PROBLEM TO SOLVE:
Your whole reply should be the lines from the one that contains "#12389 = CARTESIAN_POINT" through the last line of the listing, copied exactly.

DATA SUPPLIED:
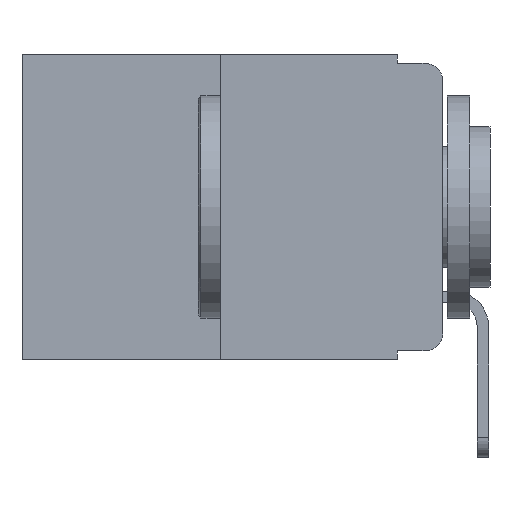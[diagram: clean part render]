
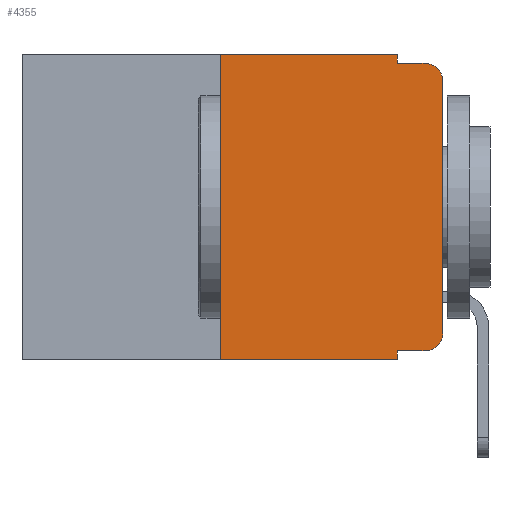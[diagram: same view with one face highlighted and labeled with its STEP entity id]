
A CAD part, left-side view. The second image highlights one B-rep face of the part: STEP entity #4355.
In plain terms, the highlighted planar face has unit normal (-1, 0, 0).
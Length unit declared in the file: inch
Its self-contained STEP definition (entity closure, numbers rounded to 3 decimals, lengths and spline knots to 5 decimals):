
#403 = LINE ( 'NONE', #12182, #8684 ) ;
#686 = EDGE_CURVE ( 'NONE', #6251, #2738, #3796, .T. ) ;
#967 = VERTEX_POINT ( 'NONE', #2826 ) ;
#1535 = ORIENTED_EDGE ( 'NONE', *, *, #686, .T. ) ;
#1651 = VERTEX_POINT ( 'NONE', #12389 ) ;
#1654 = CARTESIAN_POINT ( 'NONE',  ( 0., 0.051, 0. ) ) ;
#1735 = CARTESIAN_POINT ( 'NONE',  ( 0., 0.473, 0. ) ) ;
#1926 = VECTOR ( 'NONE', #12569, 39.37008 ) ;
#2344 = ORIENTED_EDGE ( 'NONE', *, *, #5742, .F. ) ;
#2579 = EDGE_CURVE ( 'NONE', #8963, #967, #4748, .T. ) ;
#2738 = VERTEX_POINT ( 'NONE', #12475 ) ;
#2826 = CARTESIAN_POINT ( 'NONE',  ( 0., 0.02, -0.333 ) ) ;
#3029 = EDGE_CURVE ( 'NONE', #9737, #4156, #12892, .T. ) ;
#3354 = ORIENTED_EDGE ( 'NONE', *, *, #6411, .F. ) ;
#3440 = LINE ( 'NONE', #1654, #5879 ) ;
#3443 = LINE ( 'NONE', #5057, #5880 ) ;
#3461 = VECTOR ( 'NONE', #12592, 39.37008 ) ;
#3581 = CARTESIAN_POINT ( 'NONE',  ( 0., 0.051, -0.01 ) ) ;
#3796 = LINE ( 'NONE', #4771, #3461 ) ;
#3821 = DIRECTION ( 'NONE',  ( -1., 0., 0. ) ) ;
#4156 = VERTEX_POINT ( 'NONE', #11347 ) ;
#4355 = ADVANCED_FACE ( 'NONE', ( #5285 ), #5048, .F. ) ;
#4520 = CARTESIAN_POINT ( 'NONE',  ( 0., 0.051, -0.333 ) ) ;
#4748 = LINE ( 'NONE', #7492, #1926 ) ;
#4750 = AXIS2_PLACEMENT_3D ( 'NONE', #6093, #13249, #7112 ) ;
#4771 = CARTESIAN_POINT ( 'NONE',  ( 0., 0.473, -0.343 ) ) ;
#4827 = DIRECTION ( 'NONE',  ( 0., 0., -1. ) ) ;
#4842 = DIRECTION ( 'NONE',  ( 0., 0., -1. ) ) ;
#4935 = DIRECTION ( 'NONE',  ( 0., -1., 0. ) ) ;
#5048 = PLANE ( 'NONE',  #5137 ) ;
#5057 = CARTESIAN_POINT ( 'NONE',  ( 0., 0.25, 0. ) ) ;
#5137 = AXIS2_PLACEMENT_3D ( 'NONE', #7251, #9802, #4827 ) ;
#5161 = CIRCLE ( 'NONE', #9247, 0.02 ) ;
#5285 = FACE_OUTER_BOUND ( 'NONE', #6614, .T. ) ;
#5356 = CARTESIAN_POINT ( 'NONE',  ( 0., 0., -0.313 ) ) ;
#5448 = VERTEX_POINT ( 'NONE', #12675 ) ;
#5483 = ORIENTED_EDGE ( 'NONE', *, *, #2579, .T. ) ;
#5654 = EDGE_CURVE ( 'NONE', #8963, #2738, #3440, .T. ) ;
#5742 = EDGE_CURVE ( 'NONE', #1651, #5448, #13076, .T. ) ;
#5855 = CARTESIAN_POINT ( 'NONE',  ( 0., 0.25, -0.343 ) ) ;
#5879 = VECTOR ( 'NONE', #4842, 39.37008 ) ;
#5880 = VECTOR ( 'NONE', #7100, 39.37008 ) ;
#6030 = DIRECTION ( 'NONE',  ( 0., 0., 1. ) ) ;
#6085 = EDGE_CURVE ( 'NONE', #5448, #9737, #9178, .T. ) ;
#6093 = CARTESIAN_POINT ( 'NONE',  ( 0., 0.02, -0.313 ) ) ;
#6251 = VERTEX_POINT ( 'NONE', #5855 ) ;
#6411 = EDGE_CURVE ( 'NONE', #6251, #1651, #3443, .T. ) ;
#6440 = ORIENTED_EDGE ( 'NONE', *, *, #8787, .T. ) ;
#6500 = VECTOR ( 'NONE', #9477, 39.37008 ) ;
#6614 = EDGE_LOOP ( 'NONE', ( #10884, #9116, #12851, #6905, #2344, #3354, #1535, #12382, #5483, #6440 ) ) ;
#6905 = ORIENTED_EDGE ( 'NONE', *, *, #6085, .F. ) ;
#7100 = DIRECTION ( 'NONE',  ( 0., 0., 1. ) ) ;
#7112 = DIRECTION ( 'NONE',  ( 0., 0., -1. ) ) ;
#7251 = CARTESIAN_POINT ( 'NONE',  ( 0., 0.473, 0. ) ) ;
#7375 = DIRECTION ( 'NONE',  ( 0., -1., 0. ) ) ;
#7492 = CARTESIAN_POINT ( 'NONE',  ( 0., 0.051, -0.333 ) ) ;
#7624 = VECTOR ( 'NONE', #4935, 39.37008 ) ;
#7697 = CARTESIAN_POINT ( 'NONE',  ( 0., 0., -0.03 ) ) ;
#7710 = CARTESIAN_POINT ( 'NONE',  ( 0., 0.051, -0.01 ) ) ;
#8023 = EDGE_CURVE ( 'NONE', #8269, #11209, #403, .T. ) ;
#8269 = VERTEX_POINT ( 'NONE', #5356 ) ;
#8684 = VECTOR ( 'NONE', #6030, 39.37008 ) ;
#8787 = EDGE_CURVE ( 'NONE', #967, #8269, #10247, .T. ) ;
#8963 = VERTEX_POINT ( 'NONE', #4520 ) ;
#9116 = ORIENTED_EDGE ( 'NONE', *, *, #9216, .T. ) ;
#9178 = LINE ( 'NONE', #12583, #6500 ) ;
#9216 = EDGE_CURVE ( 'NONE', #11209, #4156, #5161, .T. ) ;
#9247 = AXIS2_PLACEMENT_3D ( 'NONE', #9928, #3821, #10969 ) ;
#9477 = DIRECTION ( 'NONE',  ( 0., 0., -1. ) ) ;
#9737 = VERTEX_POINT ( 'NONE', #3581 ) ;
#9802 = DIRECTION ( 'NONE',  ( 1., 0., 0. ) ) ;
#9928 = CARTESIAN_POINT ( 'NONE',  ( 0., 0.02, -0.03 ) ) ;
#10120 = VECTOR ( 'NONE', #7375, 39.37008 ) ;
#10247 = CIRCLE ( 'NONE', #4750, 0.02 ) ;
#10884 = ORIENTED_EDGE ( 'NONE', *, *, #8023, .T. ) ;
#10969 = DIRECTION ( 'NONE',  ( 0., 0., -1. ) ) ;
#11209 = VERTEX_POINT ( 'NONE', #7697 ) ;
#11347 = CARTESIAN_POINT ( 'NONE',  ( 0., 0.02, -0.01 ) ) ;
#12182 = CARTESIAN_POINT ( 'NONE',  ( 0., 0., 0. ) ) ;
#12382 = ORIENTED_EDGE ( 'NONE', *, *, #5654, .F. ) ;
#12389 = CARTESIAN_POINT ( 'NONE',  ( 0., 0.25, 0. ) ) ;
#12475 = CARTESIAN_POINT ( 'NONE',  ( 0., 0.051, -0.343 ) ) ;
#12569 = DIRECTION ( 'NONE',  ( 0., -1., 0. ) ) ;
#12583 = CARTESIAN_POINT ( 'NONE',  ( 0., 0.051, 0. ) ) ;
#12592 = DIRECTION ( 'NONE',  ( 0., -1., 0. ) ) ;
#12675 = CARTESIAN_POINT ( 'NONE',  ( 0., 0.051, 0. ) ) ;
#12851 = ORIENTED_EDGE ( 'NONE', *, *, #3029, .F. ) ;
#12892 = LINE ( 'NONE', #7710, #10120 ) ;
#13076 = LINE ( 'NONE', #1735, #7624 ) ;
#13249 = DIRECTION ( 'NONE',  ( -1., 0., 0. ) ) ;

TASK SOLUTION:
#12389 = CARTESIAN_POINT ( 'NONE',  ( 0., 0.25, 0. ) ) ;
#12475 = CARTESIAN_POINT ( 'NONE',  ( 0., 0.051, -0.343 ) ) ;
#12569 = DIRECTION ( 'NONE',  ( 0., -1., 0. ) ) ;
#12583 = CARTESIAN_POINT ( 'NONE',  ( 0., 0.051, 0. ) ) ;
#12592 = DIRECTION ( 'NONE',  ( 0., -1., 0. ) ) ;
#12675 = CARTESIAN_POINT ( 'NONE',  ( 0., 0.051, 0. ) ) ;
#12851 = ORIENTED_EDGE ( 'NONE', *, *, #3029, .F. ) ;
#12892 = LINE ( 'NONE', #7710, #10120 ) ;
#13076 = LINE ( 'NONE', #1735, #7624 ) ;
#13249 = DIRECTION ( 'NONE',  ( -1., 0., 0. ) ) ;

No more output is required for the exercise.